What needs to be done -
Take each line from the entries that holds "entryX" and copy it out.
______________________________
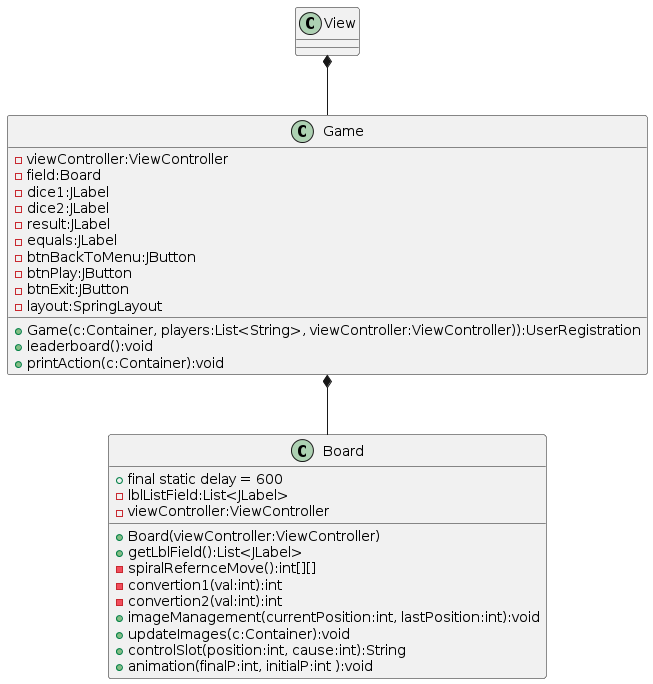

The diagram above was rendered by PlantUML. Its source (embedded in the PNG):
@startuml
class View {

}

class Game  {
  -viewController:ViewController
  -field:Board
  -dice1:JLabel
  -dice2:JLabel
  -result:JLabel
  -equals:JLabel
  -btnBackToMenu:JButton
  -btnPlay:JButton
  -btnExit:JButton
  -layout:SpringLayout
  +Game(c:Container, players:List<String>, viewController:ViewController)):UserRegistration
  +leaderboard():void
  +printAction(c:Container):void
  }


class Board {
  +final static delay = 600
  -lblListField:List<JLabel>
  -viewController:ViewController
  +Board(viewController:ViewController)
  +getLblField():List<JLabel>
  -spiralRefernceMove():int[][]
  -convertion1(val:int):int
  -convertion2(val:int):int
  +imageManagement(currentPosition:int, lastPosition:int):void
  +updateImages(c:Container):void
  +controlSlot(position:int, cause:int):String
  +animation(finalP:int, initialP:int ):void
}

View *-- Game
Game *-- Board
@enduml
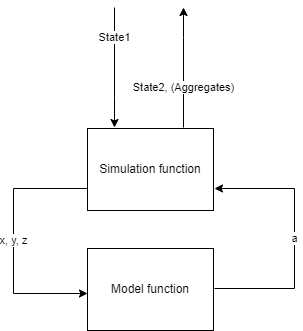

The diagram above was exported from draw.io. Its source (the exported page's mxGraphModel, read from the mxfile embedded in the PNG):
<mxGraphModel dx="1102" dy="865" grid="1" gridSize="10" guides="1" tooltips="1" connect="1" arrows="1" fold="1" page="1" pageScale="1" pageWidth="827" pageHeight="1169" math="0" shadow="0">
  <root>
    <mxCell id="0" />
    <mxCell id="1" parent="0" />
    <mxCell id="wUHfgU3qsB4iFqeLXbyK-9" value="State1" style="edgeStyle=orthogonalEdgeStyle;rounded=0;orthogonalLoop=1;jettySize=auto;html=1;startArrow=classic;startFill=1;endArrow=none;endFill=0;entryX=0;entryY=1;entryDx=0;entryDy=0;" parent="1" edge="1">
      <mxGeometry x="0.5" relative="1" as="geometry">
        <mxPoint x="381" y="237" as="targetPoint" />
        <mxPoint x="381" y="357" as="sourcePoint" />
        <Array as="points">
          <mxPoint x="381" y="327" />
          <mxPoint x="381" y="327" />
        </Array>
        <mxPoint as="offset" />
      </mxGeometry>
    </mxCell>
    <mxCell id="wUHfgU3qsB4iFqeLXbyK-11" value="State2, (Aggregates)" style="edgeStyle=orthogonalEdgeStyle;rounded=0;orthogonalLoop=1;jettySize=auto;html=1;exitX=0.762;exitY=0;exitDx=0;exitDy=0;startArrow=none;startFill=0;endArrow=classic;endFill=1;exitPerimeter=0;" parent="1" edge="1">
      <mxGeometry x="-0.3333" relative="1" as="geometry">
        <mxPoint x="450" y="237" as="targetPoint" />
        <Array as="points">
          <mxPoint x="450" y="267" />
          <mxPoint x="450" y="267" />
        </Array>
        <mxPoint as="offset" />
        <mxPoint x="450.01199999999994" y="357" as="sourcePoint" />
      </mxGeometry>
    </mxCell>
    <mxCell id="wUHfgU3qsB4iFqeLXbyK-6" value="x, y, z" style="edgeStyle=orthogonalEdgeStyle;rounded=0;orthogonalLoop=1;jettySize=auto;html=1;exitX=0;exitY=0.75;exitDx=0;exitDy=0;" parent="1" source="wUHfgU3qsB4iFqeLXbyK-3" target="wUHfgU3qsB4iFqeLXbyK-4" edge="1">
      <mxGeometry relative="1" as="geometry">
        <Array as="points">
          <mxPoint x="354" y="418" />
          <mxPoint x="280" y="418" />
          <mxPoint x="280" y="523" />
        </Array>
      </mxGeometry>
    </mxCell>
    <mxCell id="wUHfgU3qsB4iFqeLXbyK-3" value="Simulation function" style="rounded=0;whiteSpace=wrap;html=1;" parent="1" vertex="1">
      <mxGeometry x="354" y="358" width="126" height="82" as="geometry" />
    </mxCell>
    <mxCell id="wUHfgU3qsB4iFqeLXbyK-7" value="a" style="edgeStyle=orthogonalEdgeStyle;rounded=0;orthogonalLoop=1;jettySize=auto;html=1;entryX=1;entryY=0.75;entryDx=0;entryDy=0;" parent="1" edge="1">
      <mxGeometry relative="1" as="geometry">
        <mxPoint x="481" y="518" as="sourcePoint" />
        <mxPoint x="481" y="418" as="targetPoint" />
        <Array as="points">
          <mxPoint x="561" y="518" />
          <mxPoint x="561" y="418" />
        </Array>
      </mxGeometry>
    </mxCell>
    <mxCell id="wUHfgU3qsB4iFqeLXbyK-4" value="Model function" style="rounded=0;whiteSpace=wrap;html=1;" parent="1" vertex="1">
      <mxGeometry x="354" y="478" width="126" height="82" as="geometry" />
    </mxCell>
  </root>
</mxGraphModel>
______________________________
Task answer -
    <mxCell id="wUHfgU3qsB4iFqeLXbyK-9" value="State1" style="edgeStyle=orthogonalEdgeStyle;rounded=0;orthogonalLoop=1;jettySize=auto;html=1;startArrow=classic;startFill=1;endArrow=none;endFill=0;entryX=0;entryY=1;entryDx=0;entryDy=0;" parent="1" edge="1">
    <mxCell id="wUHfgU3qsB4iFqeLXbyK-7" value="a" style="edgeStyle=orthogonalEdgeStyle;rounded=0;orthogonalLoop=1;jettySize=auto;html=1;entryX=1;entryY=0.75;entryDx=0;entryDy=0;" parent="1" edge="1">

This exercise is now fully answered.